Here's a summarized overview of the steps involved in this cycle:

  1. Fetch:

    • The CPU fetches the instruction from the computer's memory. This is done by the control unit (CU) which uses the program counter (PC) to keep track of which instruction is next.
    • The instruction, stored as a binary code, is retrieved from the memory address indicated by the PC and placed into the Instruction Register (IR).
    • The PC is then incremented to point to the next instruction in the sequence, preparing it for the next fetch cycle.

  2. Decode:

    • The fetched instruction in the IR is decoded by the CU. Decoding involves interpreting what the instruction is and what actions are required to execute it.
    • The CU translates the binary code into a set of signals that can be used to carry out the instruction. This often involves determining which parts of the instruction represent the operation code (opcode) and which represent the operand (the data to be processed).

  3. Execute:

    • The execution of the instruction is carried out by the appropriate component of the CPU. This can involve various parts of the CPU, including the ALU, registers, and I/O controllers.
    • If the instruction involves arithmetic or logical operations, the ALU performs these operations on the operands.
    • If the instruction involves data transfer (e.g., loading data from memory), the necessary data paths within the CPU are enabled to move data to or from memory or I/O devices.
    • Some instructions may require interaction with input/output devices, changes to control registers, or alterations to the program counter (e.g., in the case of a jump instruction).

  4. Repeat:

    • Once the execution of the instruction is complete, the CPU returns to the fetch step, and the cycle begins again with the next instruction as indicated by the program counter.
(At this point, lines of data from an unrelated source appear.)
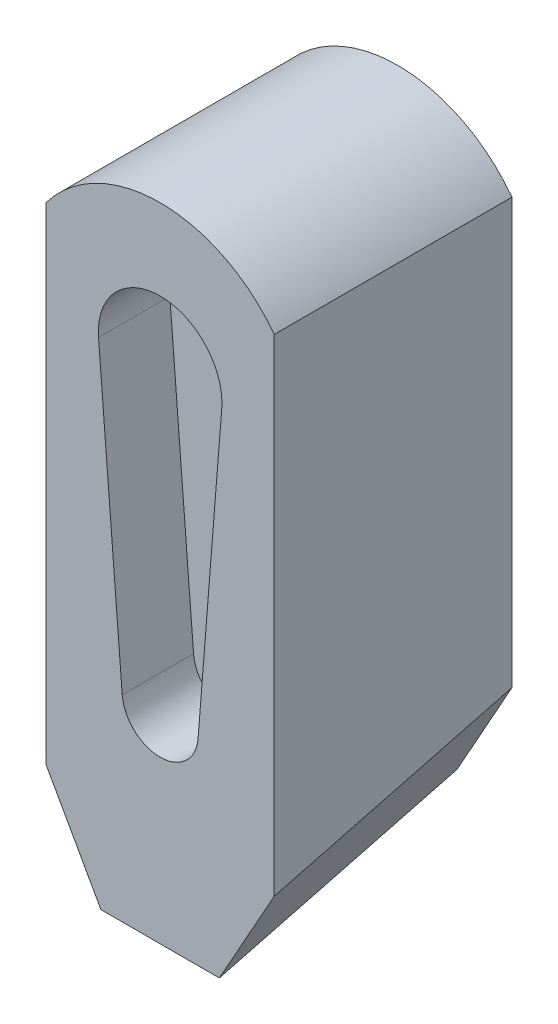
ISO-10303-21;
HEADER;
FILE_DESCRIPTION(('STEP AP214'),'2;1');
FILE_NAME('part.step','',(''),(''),'','','');
FILE_SCHEMA(('AUTOMOTIVE_DESIGN { 1 0 10303 214 1 1 1 1 }'));
ENDSEC;
DATA;
#1=APPLICATION_CONTEXT('core data for automotive mechanical design processes');
#2=APPLICATION_PROTOCOL_DEFINITION('international standard','automotive_design',2000,#1);
#3=PRODUCT_CONTEXT('',#1,'mechanical');
#4=PRODUCT('Part','Part','',(#3));
#5=PRODUCT_RELATED_PRODUCT_CATEGORY('part','',(#4));
#6=PRODUCT_DEFINITION_FORMATION('','',#4);
#7=PRODUCT_DEFINITION_CONTEXT('part definition',#1,'design');
#8=PRODUCT_DEFINITION('design','',#6,#7);
#9=PRODUCT_DEFINITION_SHAPE('','',#8);
#10=(LENGTH_UNIT() NAMED_UNIT(*) SI_UNIT(.MILLI.,.METRE.));
#11=(NAMED_UNIT(*) PLANE_ANGLE_UNIT() SI_UNIT($,.RADIAN.));
#12=(NAMED_UNIT(*) SI_UNIT($,.STERADIAN.) SOLID_ANGLE_UNIT());
#13=UNCERTAINTY_MEASURE_WITH_UNIT(LENGTH_MEASURE(1.E-05),#10,'distance_accuracy_value','');
#14=(GEOMETRIC_REPRESENTATION_CONTEXT(3) GLOBAL_UNCERTAINTY_ASSIGNED_CONTEXT((#13)) GLOBAL_UNIT_ASSIGNED_CONTEXT((#10,
#11,#12)) REPRESENTATION_CONTEXT('',''));
#15=CARTESIAN_POINT('',(0.,0.,0.));
#16=DIRECTION('',(0.,0.,1.));
#17=DIRECTION('',(1.,0.,0.));
#18=AXIS2_PLACEMENT_3D('',#15,#16,#17);
#19=CARTESIAN_POINT('',(0.,0.,0.));
#20=DIRECTION('',(0.,0.,1.));
#21=DIRECTION('',(1.,0.,0.));
#22=AXIS2_PLACEMENT_3D('',#19,#20,#21);
#23=CYLINDRICAL_SURFACE('',#22,1.5875);
#24=CARTESIAN_POINT('',(0.,0.,8.89));
#25=DIRECTION('',(0.,0.,1.));
#26=DIRECTION('',(1.,0.,0.));
#27=AXIS2_PLACEMENT_3D('',#24,#25,#26);
#28=CIRCLE('',#27,1.5875);
#29=CARTESIAN_POINT('',(1.5875,0.,8.89));
#30=VERTEX_POINT('',#29);
#31=EDGE_CURVE('E223',#30,#30,#28,.T.);
#32=CARTESIAN_POINT('',(0.,0.,6.35));
#33=DIRECTION('',(0.,0.,-1.));
#34=DIRECTION('',(-1.,0.,0.));
#35=AXIS2_PLACEMENT_3D('',#32,#33,#34);
#36=CIRCLE('',#35,1.5875);
#37=CARTESIAN_POINT('',(1.5875,0.,6.35));
#38=VERTEX_POINT('',#37);
#39=EDGE_CURVE('E219',#38,#38,#36,.F.);
#40=CARTESIAN_POINT('',(1.5875,0.,8.89));
#41=CARTESIAN_POINT('',(1.5875,0.,8.86354166666667));
#42=CARTESIAN_POINT('',(1.5875,0.,8.83708333333333));
#43=CARTESIAN_POINT('',(1.5875,0.,8.78416666666667));
#44=CARTESIAN_POINT('',(1.5875,0.,8.75770833333334));
#45=CARTESIAN_POINT('',(1.5875,0.,8.70479166666667));
#46=CARTESIAN_POINT('',(1.5875,0.,8.67833333333333));
#47=CARTESIAN_POINT('',(1.5875,0.,8.62541666666667));
#48=CARTESIAN_POINT('',(1.5875,0.,8.59895833333333));
#49=CARTESIAN_POINT('',(1.5875,0.,8.54604166666667));
#50=CARTESIAN_POINT('',(1.5875,0.,8.51958333333333));
#51=CARTESIAN_POINT('',(1.5875,0.,8.46666666666667));
#52=CARTESIAN_POINT('',(1.5875,0.,8.44020833333333));
#53=CARTESIAN_POINT('',(1.5875,0.,8.38729166666667));
#54=CARTESIAN_POINT('',(1.5875,0.,8.36083333333333));
#55=CARTESIAN_POINT('',(1.5875,0.,8.30791666666667));
#56=CARTESIAN_POINT('',(1.5875,0.,8.28145833333333));
#57=CARTESIAN_POINT('',(1.5875,0.,8.22854166666667));
#58=CARTESIAN_POINT('',(1.5875,0.,8.20208333333333));
#59=CARTESIAN_POINT('',(1.5875,0.,8.14916666666667));
#60=CARTESIAN_POINT('',(1.5875,0.,8.12270833333333));
#61=CARTESIAN_POINT('',(1.5875,0.,8.06979166666667));
#62=CARTESIAN_POINT('',(1.5875,0.,8.04333333333333));
#63=CARTESIAN_POINT('',(1.5875,0.,7.99041666666667));
#64=CARTESIAN_POINT('',(1.5875,0.,7.96395833333333));
#65=CARTESIAN_POINT('',(1.5875,0.,7.91104166666667));
#66=CARTESIAN_POINT('',(1.5875,0.,7.88458333333333));
#67=CARTESIAN_POINT('',(1.5875,0.,7.83166666666667));
#68=CARTESIAN_POINT('',(1.5875,0.,7.80520833333333));
#69=CARTESIAN_POINT('',(1.5875,0.,7.75229166666667));
#70=CARTESIAN_POINT('',(1.5875,0.,7.72583333333333));
#71=CARTESIAN_POINT('',(1.5875,0.,7.67291666666667));
#72=CARTESIAN_POINT('',(1.5875,0.,7.64645833333333));
#73=CARTESIAN_POINT('',(1.5875,0.,7.59354166666667));
#74=CARTESIAN_POINT('',(1.5875,0.,7.56708333333333));
#75=CARTESIAN_POINT('',(1.5875,0.,7.51416666666667));
#76=CARTESIAN_POINT('',(1.5875,0.,7.48770833333333));
#77=CARTESIAN_POINT('',(1.5875,0.,7.43479166666667));
#78=CARTESIAN_POINT('',(1.5875,0.,7.40833333333333));
#79=CARTESIAN_POINT('',(1.5875,0.,7.35541666666667));
#80=CARTESIAN_POINT('',(1.5875,0.,7.32895833333333));
#81=CARTESIAN_POINT('',(1.5875,0.,7.27604166666667));
#82=CARTESIAN_POINT('',(1.5875,0.,7.24958333333333));
#83=CARTESIAN_POINT('',(1.5875,0.,7.19666666666667));
#84=CARTESIAN_POINT('',(1.5875,0.,7.17020833333333));
#85=CARTESIAN_POINT('',(1.5875,0.,7.11729166666667));
#86=CARTESIAN_POINT('',(1.5875,0.,7.09083333333333));
#87=CARTESIAN_POINT('',(1.5875,0.,7.03791666666667));
#88=CARTESIAN_POINT('',(1.5875,0.,7.01145833333333));
#89=CARTESIAN_POINT('',(1.5875,0.,6.95854166666667));
#90=CARTESIAN_POINT('',(1.5875,0.,6.93208333333333));
#91=CARTESIAN_POINT('',(1.5875,0.,6.87916666666667));
#92=CARTESIAN_POINT('',(1.5875,0.,6.85270833333333));
#93=CARTESIAN_POINT('',(1.5875,0.,6.79979166666667));
#94=CARTESIAN_POINT('',(1.5875,0.,6.77333333333333));
#95=CARTESIAN_POINT('',(1.5875,0.,6.72041666666667));
#96=CARTESIAN_POINT('',(1.5875,0.,6.69395833333333));
#97=CARTESIAN_POINT('',(1.5875,0.,6.64104166666667));
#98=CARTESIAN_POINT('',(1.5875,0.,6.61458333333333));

This cycle is fundamental to the operation of a CPU, enabling it to process instructions, perform calculations, manipulate data, and interact with other components of the computer system. The speed at which this cycle operates is a key factor in the overall performance of a computer.

Test Your Knowledge

In a typical fetch-execute cycle of a CPU, describe the specific role of the Program Counter (PC) and the Instruction Register (IR). How would the cycle be affected if the PC does not increment correctly after fetching an instruction?